Records from a dataset:

┄┄┄┄┄┄┄┄┄┄┄┄┄┄┄┄┄┄┄┄

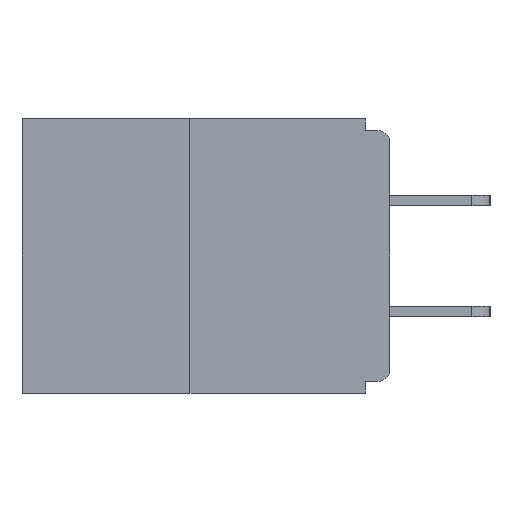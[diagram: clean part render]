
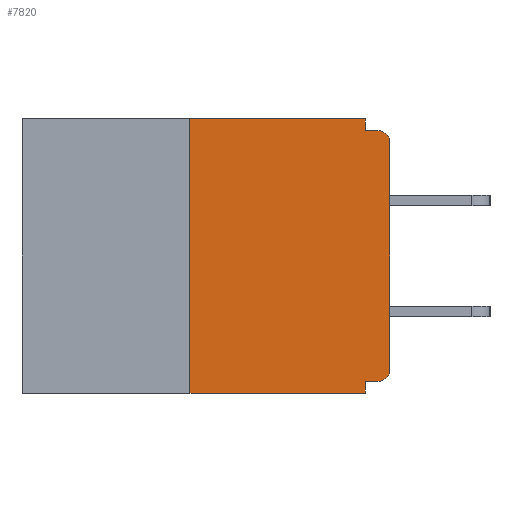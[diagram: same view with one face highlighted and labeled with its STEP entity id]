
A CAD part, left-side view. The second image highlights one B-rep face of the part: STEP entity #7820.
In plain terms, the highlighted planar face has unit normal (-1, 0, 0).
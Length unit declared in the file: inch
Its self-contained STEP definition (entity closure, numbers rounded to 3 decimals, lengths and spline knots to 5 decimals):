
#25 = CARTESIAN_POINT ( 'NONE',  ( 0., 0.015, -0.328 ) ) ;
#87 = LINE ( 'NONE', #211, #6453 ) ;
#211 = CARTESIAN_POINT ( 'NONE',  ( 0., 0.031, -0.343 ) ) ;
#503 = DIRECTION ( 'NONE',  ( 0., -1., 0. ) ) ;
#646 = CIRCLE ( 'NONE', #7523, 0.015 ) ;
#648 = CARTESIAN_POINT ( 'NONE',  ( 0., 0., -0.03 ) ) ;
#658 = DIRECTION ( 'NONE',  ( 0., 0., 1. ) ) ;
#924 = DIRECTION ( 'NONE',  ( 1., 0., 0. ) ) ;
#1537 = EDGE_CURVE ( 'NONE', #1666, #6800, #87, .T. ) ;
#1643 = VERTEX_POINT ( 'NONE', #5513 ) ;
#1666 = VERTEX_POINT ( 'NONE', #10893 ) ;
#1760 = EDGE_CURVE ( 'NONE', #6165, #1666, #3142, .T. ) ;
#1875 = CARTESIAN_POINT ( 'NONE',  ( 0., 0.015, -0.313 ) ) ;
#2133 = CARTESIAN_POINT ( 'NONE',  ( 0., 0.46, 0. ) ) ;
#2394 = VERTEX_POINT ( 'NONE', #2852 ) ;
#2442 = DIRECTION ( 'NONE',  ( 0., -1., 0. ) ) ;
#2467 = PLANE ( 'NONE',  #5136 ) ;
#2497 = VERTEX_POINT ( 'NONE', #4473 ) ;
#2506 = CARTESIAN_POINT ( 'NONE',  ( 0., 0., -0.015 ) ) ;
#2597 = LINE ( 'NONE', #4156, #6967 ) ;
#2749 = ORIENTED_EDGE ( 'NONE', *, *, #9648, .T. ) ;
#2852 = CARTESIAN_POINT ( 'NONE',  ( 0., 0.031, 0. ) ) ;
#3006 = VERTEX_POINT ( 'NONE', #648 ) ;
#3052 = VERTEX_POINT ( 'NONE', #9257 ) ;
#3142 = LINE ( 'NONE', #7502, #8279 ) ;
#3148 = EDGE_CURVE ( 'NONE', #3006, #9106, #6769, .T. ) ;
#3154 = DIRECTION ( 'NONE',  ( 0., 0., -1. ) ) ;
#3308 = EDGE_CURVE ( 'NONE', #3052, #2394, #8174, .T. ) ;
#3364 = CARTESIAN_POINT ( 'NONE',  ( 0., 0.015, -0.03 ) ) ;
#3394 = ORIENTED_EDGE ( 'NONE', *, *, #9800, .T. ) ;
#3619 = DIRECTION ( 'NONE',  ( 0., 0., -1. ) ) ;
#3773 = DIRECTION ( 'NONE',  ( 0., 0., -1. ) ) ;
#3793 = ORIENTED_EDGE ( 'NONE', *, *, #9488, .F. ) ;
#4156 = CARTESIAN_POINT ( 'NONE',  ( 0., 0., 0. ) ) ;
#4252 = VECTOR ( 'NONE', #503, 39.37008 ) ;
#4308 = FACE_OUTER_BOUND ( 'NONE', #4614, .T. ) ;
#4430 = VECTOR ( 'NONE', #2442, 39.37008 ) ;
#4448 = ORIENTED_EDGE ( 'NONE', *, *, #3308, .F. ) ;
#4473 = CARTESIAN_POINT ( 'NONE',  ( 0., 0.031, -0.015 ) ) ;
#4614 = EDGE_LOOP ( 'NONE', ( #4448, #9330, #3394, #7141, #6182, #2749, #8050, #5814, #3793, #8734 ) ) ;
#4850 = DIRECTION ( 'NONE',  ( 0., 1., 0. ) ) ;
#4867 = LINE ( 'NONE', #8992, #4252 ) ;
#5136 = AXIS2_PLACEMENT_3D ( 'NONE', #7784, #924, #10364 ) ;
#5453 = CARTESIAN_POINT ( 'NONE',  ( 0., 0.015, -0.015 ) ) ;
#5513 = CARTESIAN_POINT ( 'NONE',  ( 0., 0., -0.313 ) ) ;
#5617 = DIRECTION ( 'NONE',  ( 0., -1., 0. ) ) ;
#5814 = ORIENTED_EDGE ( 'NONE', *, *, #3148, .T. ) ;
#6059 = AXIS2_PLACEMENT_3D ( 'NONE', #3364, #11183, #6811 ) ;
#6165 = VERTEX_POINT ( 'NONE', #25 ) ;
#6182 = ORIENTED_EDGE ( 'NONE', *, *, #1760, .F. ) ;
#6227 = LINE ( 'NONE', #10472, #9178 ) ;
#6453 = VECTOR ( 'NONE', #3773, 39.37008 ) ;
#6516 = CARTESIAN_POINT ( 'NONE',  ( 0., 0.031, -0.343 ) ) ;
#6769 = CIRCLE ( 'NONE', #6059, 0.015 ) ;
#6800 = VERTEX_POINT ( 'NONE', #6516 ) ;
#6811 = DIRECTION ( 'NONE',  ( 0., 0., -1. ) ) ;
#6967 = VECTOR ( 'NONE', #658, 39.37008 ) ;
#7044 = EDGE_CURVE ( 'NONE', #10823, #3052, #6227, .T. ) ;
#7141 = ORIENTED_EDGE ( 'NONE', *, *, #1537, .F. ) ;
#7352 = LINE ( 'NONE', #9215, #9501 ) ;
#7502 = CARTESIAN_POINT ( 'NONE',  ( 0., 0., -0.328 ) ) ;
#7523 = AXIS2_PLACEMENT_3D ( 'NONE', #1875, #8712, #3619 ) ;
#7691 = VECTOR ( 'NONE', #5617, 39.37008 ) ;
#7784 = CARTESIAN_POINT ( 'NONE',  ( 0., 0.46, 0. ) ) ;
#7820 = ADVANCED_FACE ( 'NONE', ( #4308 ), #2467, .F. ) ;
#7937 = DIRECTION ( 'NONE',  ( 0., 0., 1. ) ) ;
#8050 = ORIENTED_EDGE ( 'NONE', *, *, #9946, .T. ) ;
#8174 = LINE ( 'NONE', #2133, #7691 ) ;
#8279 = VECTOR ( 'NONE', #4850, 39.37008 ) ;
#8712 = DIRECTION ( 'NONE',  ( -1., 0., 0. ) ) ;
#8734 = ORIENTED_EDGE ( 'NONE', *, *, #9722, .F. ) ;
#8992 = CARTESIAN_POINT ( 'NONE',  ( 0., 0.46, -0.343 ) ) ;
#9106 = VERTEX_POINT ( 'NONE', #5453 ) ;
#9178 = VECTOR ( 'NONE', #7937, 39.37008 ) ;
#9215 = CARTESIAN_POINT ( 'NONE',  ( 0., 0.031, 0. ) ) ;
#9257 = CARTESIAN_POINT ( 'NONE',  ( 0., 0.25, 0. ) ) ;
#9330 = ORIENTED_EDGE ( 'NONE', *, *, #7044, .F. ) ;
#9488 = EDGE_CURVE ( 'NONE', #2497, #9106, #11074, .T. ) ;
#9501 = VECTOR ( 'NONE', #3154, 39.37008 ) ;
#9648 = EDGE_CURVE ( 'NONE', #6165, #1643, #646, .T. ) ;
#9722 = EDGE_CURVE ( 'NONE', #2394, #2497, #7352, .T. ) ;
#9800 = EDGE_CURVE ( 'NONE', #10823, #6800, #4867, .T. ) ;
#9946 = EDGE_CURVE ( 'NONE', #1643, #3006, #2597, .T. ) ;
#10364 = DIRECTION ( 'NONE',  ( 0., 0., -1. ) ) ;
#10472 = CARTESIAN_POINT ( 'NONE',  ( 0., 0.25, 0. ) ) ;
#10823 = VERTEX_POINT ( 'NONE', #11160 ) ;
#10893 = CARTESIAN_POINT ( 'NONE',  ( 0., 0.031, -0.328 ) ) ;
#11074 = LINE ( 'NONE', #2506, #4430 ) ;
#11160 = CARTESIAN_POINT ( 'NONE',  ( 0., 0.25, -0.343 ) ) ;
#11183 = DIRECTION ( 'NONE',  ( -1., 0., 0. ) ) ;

┄┄┄┄┄┄┄┄┄┄┄┄┄┄┄┄┄┄┄┄

DIRECTIONS FOR THIS TASK ::
Lines before the one containing "#11160 = CARTESIAN_POINT" are to be left out; that line and every line after it through the end of the data should be copied exactly.

RESPONSE ::
#11160 = CARTESIAN_POINT ( 'NONE',  ( 0., 0.25, -0.343 ) ) ;
#11183 = DIRECTION ( 'NONE',  ( -1., 0., 0. ) ) ;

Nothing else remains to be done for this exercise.